TASK INSTRUCTIONS:
Return, from the material below, each line in which "angle" occurs.

ENTRIES SHOWN:
- Opening Delimiter -

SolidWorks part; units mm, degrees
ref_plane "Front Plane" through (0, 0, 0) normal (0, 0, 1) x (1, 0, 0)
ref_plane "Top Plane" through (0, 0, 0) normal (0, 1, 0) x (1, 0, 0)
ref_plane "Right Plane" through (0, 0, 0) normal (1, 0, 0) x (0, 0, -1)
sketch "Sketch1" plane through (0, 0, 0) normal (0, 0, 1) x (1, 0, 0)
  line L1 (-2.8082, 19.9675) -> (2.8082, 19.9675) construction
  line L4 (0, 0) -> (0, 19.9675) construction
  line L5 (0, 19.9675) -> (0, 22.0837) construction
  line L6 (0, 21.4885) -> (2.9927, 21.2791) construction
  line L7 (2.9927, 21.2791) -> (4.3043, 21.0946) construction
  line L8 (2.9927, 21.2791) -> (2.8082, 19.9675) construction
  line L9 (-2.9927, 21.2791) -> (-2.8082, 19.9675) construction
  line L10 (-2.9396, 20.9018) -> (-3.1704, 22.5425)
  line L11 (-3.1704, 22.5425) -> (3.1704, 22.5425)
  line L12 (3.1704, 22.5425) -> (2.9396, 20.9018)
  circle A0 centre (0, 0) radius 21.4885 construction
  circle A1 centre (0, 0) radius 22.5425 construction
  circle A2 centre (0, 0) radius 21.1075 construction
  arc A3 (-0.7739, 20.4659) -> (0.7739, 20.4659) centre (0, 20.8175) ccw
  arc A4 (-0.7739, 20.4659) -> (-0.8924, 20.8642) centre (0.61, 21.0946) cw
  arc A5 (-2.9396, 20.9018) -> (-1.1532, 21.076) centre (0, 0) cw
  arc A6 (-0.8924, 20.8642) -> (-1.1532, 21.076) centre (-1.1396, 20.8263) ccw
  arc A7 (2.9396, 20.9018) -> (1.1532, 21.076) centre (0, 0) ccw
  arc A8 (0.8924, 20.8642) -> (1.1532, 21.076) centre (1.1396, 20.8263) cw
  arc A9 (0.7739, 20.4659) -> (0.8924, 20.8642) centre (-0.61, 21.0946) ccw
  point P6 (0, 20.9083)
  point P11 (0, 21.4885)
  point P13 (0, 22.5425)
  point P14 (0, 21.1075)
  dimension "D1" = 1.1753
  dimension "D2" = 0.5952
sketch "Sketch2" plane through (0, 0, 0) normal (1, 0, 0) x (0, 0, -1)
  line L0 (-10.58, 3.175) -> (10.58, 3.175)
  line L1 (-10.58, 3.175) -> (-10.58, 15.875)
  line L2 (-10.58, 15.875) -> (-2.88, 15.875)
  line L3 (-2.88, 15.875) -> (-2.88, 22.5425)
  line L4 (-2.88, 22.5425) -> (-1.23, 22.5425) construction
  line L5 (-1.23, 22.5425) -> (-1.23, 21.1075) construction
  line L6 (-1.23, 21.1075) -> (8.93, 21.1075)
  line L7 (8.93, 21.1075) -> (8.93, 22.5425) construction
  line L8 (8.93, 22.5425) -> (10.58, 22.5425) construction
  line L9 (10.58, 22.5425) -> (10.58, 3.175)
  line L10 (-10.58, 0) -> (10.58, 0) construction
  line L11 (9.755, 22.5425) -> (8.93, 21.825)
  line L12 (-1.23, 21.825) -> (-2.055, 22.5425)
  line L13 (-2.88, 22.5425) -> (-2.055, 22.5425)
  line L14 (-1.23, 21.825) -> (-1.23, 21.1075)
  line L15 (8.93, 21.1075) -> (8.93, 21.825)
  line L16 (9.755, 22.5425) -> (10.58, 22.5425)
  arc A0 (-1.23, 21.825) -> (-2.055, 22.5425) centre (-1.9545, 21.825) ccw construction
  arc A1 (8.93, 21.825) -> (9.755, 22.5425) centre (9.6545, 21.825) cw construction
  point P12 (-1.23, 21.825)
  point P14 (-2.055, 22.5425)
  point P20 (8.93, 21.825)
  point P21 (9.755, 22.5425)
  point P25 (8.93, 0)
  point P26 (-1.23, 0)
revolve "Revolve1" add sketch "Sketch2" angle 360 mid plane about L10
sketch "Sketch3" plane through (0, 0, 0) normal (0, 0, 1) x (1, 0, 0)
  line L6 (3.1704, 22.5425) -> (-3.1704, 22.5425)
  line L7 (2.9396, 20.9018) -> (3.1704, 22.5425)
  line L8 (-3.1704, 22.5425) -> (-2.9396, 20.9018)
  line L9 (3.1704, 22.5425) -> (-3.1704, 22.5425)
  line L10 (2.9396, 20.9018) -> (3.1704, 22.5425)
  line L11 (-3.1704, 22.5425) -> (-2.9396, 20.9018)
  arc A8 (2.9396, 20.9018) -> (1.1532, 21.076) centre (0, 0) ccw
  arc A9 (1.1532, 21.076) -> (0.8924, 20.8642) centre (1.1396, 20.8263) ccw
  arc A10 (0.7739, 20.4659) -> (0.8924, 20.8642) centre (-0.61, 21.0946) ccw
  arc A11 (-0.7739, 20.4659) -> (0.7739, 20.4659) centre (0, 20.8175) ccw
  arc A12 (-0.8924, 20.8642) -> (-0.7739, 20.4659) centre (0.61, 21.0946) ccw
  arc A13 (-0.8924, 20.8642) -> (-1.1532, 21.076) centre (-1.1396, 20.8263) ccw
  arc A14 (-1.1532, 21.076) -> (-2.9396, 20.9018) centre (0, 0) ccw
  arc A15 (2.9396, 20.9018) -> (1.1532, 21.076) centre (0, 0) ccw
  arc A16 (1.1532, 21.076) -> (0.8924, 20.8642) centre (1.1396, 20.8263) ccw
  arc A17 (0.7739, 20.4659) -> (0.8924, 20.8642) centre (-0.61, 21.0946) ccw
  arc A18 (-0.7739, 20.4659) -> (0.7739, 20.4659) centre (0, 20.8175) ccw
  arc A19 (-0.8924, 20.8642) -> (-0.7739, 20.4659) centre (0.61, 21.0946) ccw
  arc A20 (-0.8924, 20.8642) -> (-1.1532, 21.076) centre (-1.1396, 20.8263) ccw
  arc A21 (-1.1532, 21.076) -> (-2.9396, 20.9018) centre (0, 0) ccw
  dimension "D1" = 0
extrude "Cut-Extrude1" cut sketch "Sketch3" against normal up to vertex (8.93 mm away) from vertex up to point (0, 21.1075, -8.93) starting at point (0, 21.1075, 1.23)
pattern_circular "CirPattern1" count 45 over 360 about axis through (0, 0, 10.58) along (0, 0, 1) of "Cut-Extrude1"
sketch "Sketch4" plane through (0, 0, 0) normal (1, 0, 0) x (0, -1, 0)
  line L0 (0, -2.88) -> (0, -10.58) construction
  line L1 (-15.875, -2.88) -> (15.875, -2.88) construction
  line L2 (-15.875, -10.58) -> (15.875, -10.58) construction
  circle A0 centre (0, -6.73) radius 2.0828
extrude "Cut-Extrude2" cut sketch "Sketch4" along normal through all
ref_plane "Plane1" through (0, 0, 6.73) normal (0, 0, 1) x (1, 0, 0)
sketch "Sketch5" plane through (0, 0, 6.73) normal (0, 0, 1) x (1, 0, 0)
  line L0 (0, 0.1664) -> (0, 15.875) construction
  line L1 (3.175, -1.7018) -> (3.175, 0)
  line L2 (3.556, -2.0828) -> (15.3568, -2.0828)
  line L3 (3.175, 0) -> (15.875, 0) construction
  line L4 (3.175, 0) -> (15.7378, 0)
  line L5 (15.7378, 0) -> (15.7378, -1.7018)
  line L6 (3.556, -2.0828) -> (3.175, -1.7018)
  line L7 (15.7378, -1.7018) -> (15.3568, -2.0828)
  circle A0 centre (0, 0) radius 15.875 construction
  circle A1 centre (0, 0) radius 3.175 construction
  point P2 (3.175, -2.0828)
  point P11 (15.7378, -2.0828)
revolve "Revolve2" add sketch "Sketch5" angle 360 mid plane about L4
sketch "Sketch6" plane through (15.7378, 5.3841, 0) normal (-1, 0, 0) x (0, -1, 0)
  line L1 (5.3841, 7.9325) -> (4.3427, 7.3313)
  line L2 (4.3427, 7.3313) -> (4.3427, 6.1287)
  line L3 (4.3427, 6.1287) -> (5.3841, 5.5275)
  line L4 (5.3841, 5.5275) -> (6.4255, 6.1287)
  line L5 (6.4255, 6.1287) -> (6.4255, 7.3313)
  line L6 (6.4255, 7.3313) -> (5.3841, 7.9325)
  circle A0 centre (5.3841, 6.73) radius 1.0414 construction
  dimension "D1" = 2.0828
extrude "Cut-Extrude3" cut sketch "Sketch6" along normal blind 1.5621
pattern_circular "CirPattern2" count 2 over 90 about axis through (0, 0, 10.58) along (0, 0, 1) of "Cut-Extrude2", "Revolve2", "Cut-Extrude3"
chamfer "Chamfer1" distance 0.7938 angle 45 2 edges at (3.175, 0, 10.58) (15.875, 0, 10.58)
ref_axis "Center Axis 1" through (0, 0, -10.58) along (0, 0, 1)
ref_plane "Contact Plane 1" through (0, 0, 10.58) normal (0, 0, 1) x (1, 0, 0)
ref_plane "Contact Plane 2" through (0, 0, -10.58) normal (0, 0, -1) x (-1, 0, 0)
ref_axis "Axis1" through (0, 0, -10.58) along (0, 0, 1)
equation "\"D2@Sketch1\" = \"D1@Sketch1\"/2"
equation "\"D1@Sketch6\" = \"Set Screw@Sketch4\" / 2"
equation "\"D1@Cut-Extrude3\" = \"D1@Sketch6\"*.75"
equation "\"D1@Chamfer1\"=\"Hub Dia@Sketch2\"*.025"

- Closing Delimiter -

REPLY TO THE TASK:
revolve "Revolve1" add sketch "Sketch2" angle 360 mid plane about L10
revolve "Revolve2" add sketch "Sketch5" angle 360 mid plane about L4
chamfer "Chamfer1" distance 0.7938 angle 45 2 edges at (3.175, 0, 10.58) (15.875, 0, 10.58)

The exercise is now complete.